En mi barrio hay un peladero que lleva años igual: tierra dura, dos autos estacionados “un ratito” que se vuelven permanentes, y un letrero medio chueco que dice que ahí algún día va a haber una plaza. Ese “algún día” ya es como chiste interno. Uno pasa y piensa “ya, sí, la plaza…”, y sigue caminando.
La cosa es que hace un par de semanas, la señora Marta (la que siempre sabe todo) pegó un papel en el almacén: “Reunión junta de vecinos, tema: recuperar el espacio”. Yo fui más por curiosidad que por convicción, para qué estamos con cosas. Llegué a la sede y estaba ese olor a piso recién trapeado y café instantáneo. Había como quince personas: la Marta, dos cabros jóvenes, un señor que habla fuerte, y varios que miraban el celular como si los hubieran llevado obligados.
La Marta partió con todo: que no puede ser que los niños jueguen en la calle, que el peladero se presta para basura, que ya basta. Y ahí, no sé, algo se contagia. Porque de repente todos empezaron con ideas. Uno decía “pongamos juegos”, otro “árboles”, otro “una huerta”. Un cabro propuso pintar un mural. Y yo, que siempre me hago el piola, terminé diciendo que podríamos hacer una banca larga, como esas donde te sientas a conversar, sin tanta cuestión.
Fue raro, porque por primera vez el peladero dejó de ser “lo que falta” y se volvió “lo que podríamos tener”. Y eso, cachai, es como una energía bien rica: esa sensación de que el barrio no es solo dormir y salir a la pega, sino que también puede ser una cosa nuestra.
Pero también apareció la parte fome, al tiro. El señor que habla fuerte preguntó por permisos, por la muni, por quién se hace responsable si alguien se cae. Otra vecina dijo “a mí me encantaría, pero no tengo tiempo”. Y ahí me pegó, porque yo soy ese.
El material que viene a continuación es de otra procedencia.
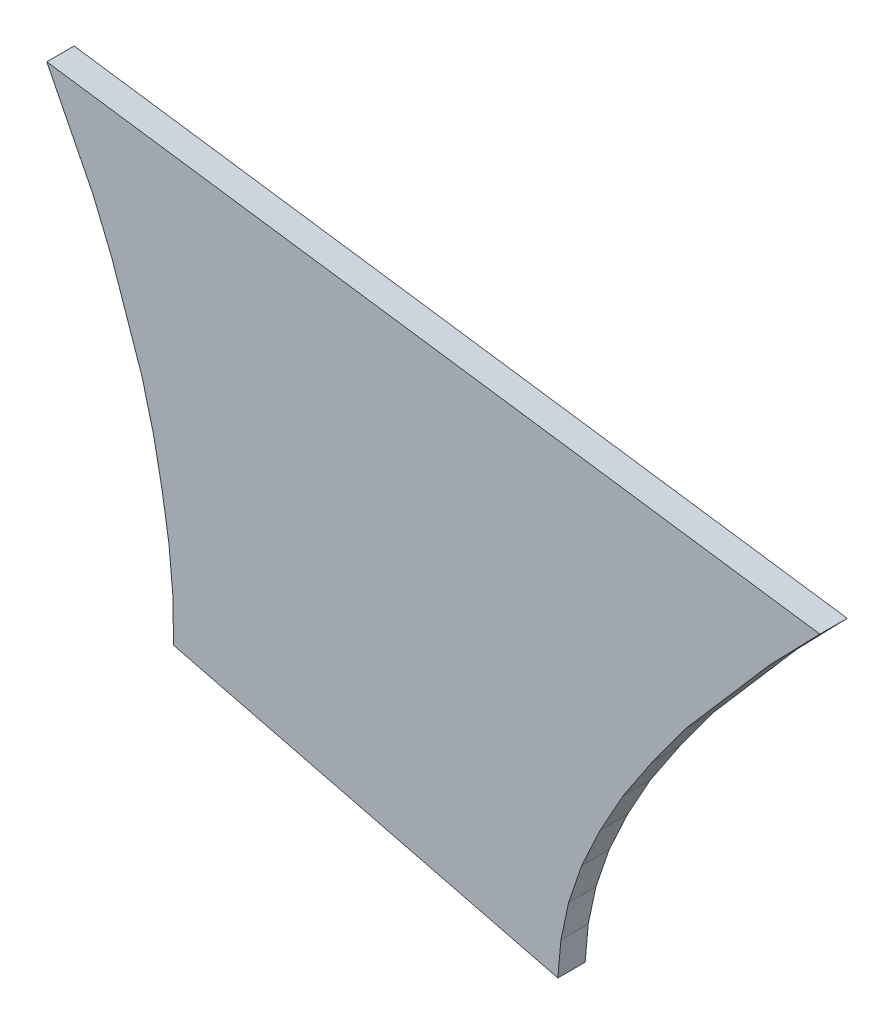
ISO-10303-21;
HEADER;
FILE_DESCRIPTION(('STEP AP214'),'2;1');
FILE_NAME('part.step','',(''),(''),'','','');
FILE_SCHEMA(('AUTOMOTIVE_DESIGN { 1 0 10303 214 1 1 1 1 }'));
ENDSEC;
DATA;
#1=APPLICATION_CONTEXT('core data for automotive mechanical design processes');
#2=APPLICATION_PROTOCOL_DEFINITION('international standard','automotive_design',2000,#1);
#3=PRODUCT_CONTEXT('',#1,'mechanical');
#4=PRODUCT('Part','Part','',(#3));
#5=PRODUCT_RELATED_PRODUCT_CATEGORY('part','',(#4));
#6=PRODUCT_DEFINITION_FORMATION('','',#4);
#7=PRODUCT_DEFINITION_CONTEXT('part definition',#1,'design');
#8=PRODUCT_DEFINITION('design','',#6,#7);
#9=PRODUCT_DEFINITION_SHAPE('','',#8);
#10=(LENGTH_UNIT() NAMED_UNIT(*) SI_UNIT(.MILLI.,.METRE.));
#11=(NAMED_UNIT(*) PLANE_ANGLE_UNIT() SI_UNIT($,.RADIAN.));
#12=(NAMED_UNIT(*) SI_UNIT($,.STERADIAN.) SOLID_ANGLE_UNIT());
#13=UNCERTAINTY_MEASURE_WITH_UNIT(LENGTH_MEASURE(1.E-05),#10,'distance_accuracy_value','');
#14=(GEOMETRIC_REPRESENTATION_CONTEXT(3) GLOBAL_UNCERTAINTY_ASSIGNED_CONTEXT((#13)) GLOBAL_UNIT_ASSIGNED_CONTEXT((#10,
#11,#12)) REPRESENTATION_CONTEXT('',''));
#15=CARTESIAN_POINT('',(0.,0.,0.));
#16=DIRECTION('',(0.,0.,1.));
#17=DIRECTION('',(1.,0.,0.));
#18=AXIS2_PLACEMENT_3D('',#15,#16,#17);
#19=CARTESIAN_POINT('',(89.1480026245117,104.810997009277,0.));
#20=DIRECTION('',(-0.996077933740021,0.0884802233056062,0.));
#21=DIRECTION('',(0.0884802233056062,0.996077933740021,0.));
#22=AXIS2_PLACEMENT_3D('',#19,#20,#21);
#23=PLANE('',#22);
#24=DIRECTION('',(0.0884802233056062,0.996077933740021,0.));
#25=VECTOR('',#24,1.);
#26=CARTESIAN_POINT('',(89.1480026245117,104.810997009277,0.03556));
#27=LINE('',#26,#25);
#28=CARTESIAN_POINT('',(89.1480026245117,104.810997009277,0.03556));
#29=VERTEX_POINT('',#28);
#30=CARTESIAN_POINT('',(89.1520004272461,104.856002807617,0.03556));
#31=VERTEX_POINT('',#30);
#32=EDGE_CURVE('E11',#29,#31,#27,.T.);
#33=ORIENTED_EDGE('',*,*,#32,.F.);
#34=DIRECTION('',(0.,0.,1.));
#35=VECTOR('',#34,1.);
#36=CARTESIAN_POINT('',(89.1480026245117,104.810997009277,0.));
#37=LINE('',#36,#35);
#38=CARTESIAN_POINT('',(89.1480026245117,104.810997009277,0.));
#39=VERTEX_POINT('',#38);
#40=EDGE_CURVE('E24',#39,#29,#37,.T.);
#41=ORIENTED_EDGE('',*,*,#40,.F.);
#42=DIRECTION('',(0.0884802233056062,0.996077933740021,0.));
#43=VECTOR('',#42,1.);
#44=CARTESIAN_POINT('',(89.1480026245117,104.810997009277,0.));
#45=LINE('',#44,#43);
#46=CARTESIAN_POINT('',(89.1520004272461,104.856002807617,0.));
#47=VERTEX_POINT('',#46);
#48=EDGE_CURVE('E166',#39,#47,#45,.T.);
#49=ORIENTED_EDGE('',*,*,#48,.T.);
#50=DIRECTION('',(0.,0.,1.));
#51=VECTOR('',#50,1.);
#52=CARTESIAN_POINT('',(89.1520004272461,104.856002807617,0.));
#53=LINE('',#52,#51);
#54=EDGE_CURVE('E37',#47,#31,#53,.T.);
#55=ORIENTED_EDGE('',*,*,#54,.T.);
#56=EDGE_LOOP('',(#33,#41,#49,#55));
#57=FACE_BOUND('',#56,.T.);
#58=ADVANCED_FACE('F17',(#57),#23,.F.);
#59=CARTESIAN_POINT('',(89.1520004272461,104.856002807617,0.));
#60=DIRECTION('',(-0.978094237159911,0.208162588460494,0.));
#61=DIRECTION('',(0.208162588460494,0.978094237159911,0.));
#62=AXIS2_PLACEMENT_3D('',#59,#60,#61);
#63=PLANE('',#62);
#64=DIRECTION('',(0.208162588460494,0.978094237159911,0.));
#65=VECTOR('',#64,1.);
#66=CARTESIAN_POINT('',(89.1520004272461,104.856002807617,0.03556));
#67=LINE('',#66,#65);
#68=CARTESIAN_POINT('',(89.1620025634766,104.90299987793,0.03556));
#69=VERTEX_POINT('',#68);
#70=EDGE_CURVE('E294',#31,#69,#67,.T.);
#71=ORIENTED_EDGE('',*,*,#70,.F.);
#72=ORIENTED_EDGE('',*,*,#54,.F.);
#73=DIRECTION('',(0.208162588460494,0.978094237159911,0.));
#74=VECTOR('',#73,1.);
#75=CARTESIAN_POINT('',(89.1520004272461,104.856002807617,0.));
#76=LINE('',#75,#74);
#77=CARTESIAN_POINT('',(89.1620025634766,104.90299987793,0.));
#78=VERTEX_POINT('',#77);
#79=EDGE_CURVE('E291',#47,#78,#76,.T.);
#80=ORIENTED_EDGE('',*,*,#79,.T.);
#81=DIRECTION('',(0.,0.,1.));
#82=VECTOR('',#81,1.);
#83=CARTESIAN_POINT('',(89.1620025634766,104.90299987793,0.));
#84=LINE('',#83,#82);
#85=EDGE_CURVE('E289',#78,#69,#84,.T.);
#86=ORIENTED_EDGE('',*,*,#85,.T.);
#87=EDGE_LOOP('',(#71,#72,#80,#86));
#88=FACE_BOUND('',#87,.T.);
#89=ADVANCED_FACE('F302',(#88),#63,.F.);
#90=CARTESIAN_POINT('',(89.1620025634766,104.90299987793,0.));
#91=DIRECTION('',(-0.946788593315352,0.321856116250626,0.));
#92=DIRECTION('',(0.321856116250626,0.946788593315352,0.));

Me emociono en la reunión y después me gana la rutina, la flojera, la excusa perfecta.
Al final acordamos una “primera acción simple”: ir un sábado a limpiar, solo limpiar, sin soñar tanto. Quedamos en las 10. Yo me levanté ese sábado con ganas, de verdad. Pero a las 9:30 empecé a ordenar la casa, que justo estaba desordenada, y me convencí de que era “más urgente”. Llegué igual, pero tarde, como a las 11. Y ahí estaban: la Marta, los cabros, y dos señoras más. Cinco personas. El resto, nada.
Me dio vergüenza, porque ese era el sueño compartido: no la plaza perfecta con diseño, sino el gesto mínimo de aparecer. Y yo aparecí a medias. Igual ayudé: juntamos bolsas, sacamos vidrios, y hasta encontramos una pelota vieja enterrada. Los cabros se rieron como si fuera tesoro.
No tengo moraleja bonita. Solo me quedó claro que los sueños compartidos son bien frágiles: se arman fácil con palabras, pero se sostienen con horas. Y horas es lo que siempre decimos que no tenemos.
Aun así, cuando pasé después por el peladero y lo vi más limpio, me dio algo como orgullo chico. No era plaza, pero era un “empezamos”. Ojalá no se nos apague. Ojalá la próxima vez llegue a las diez, po.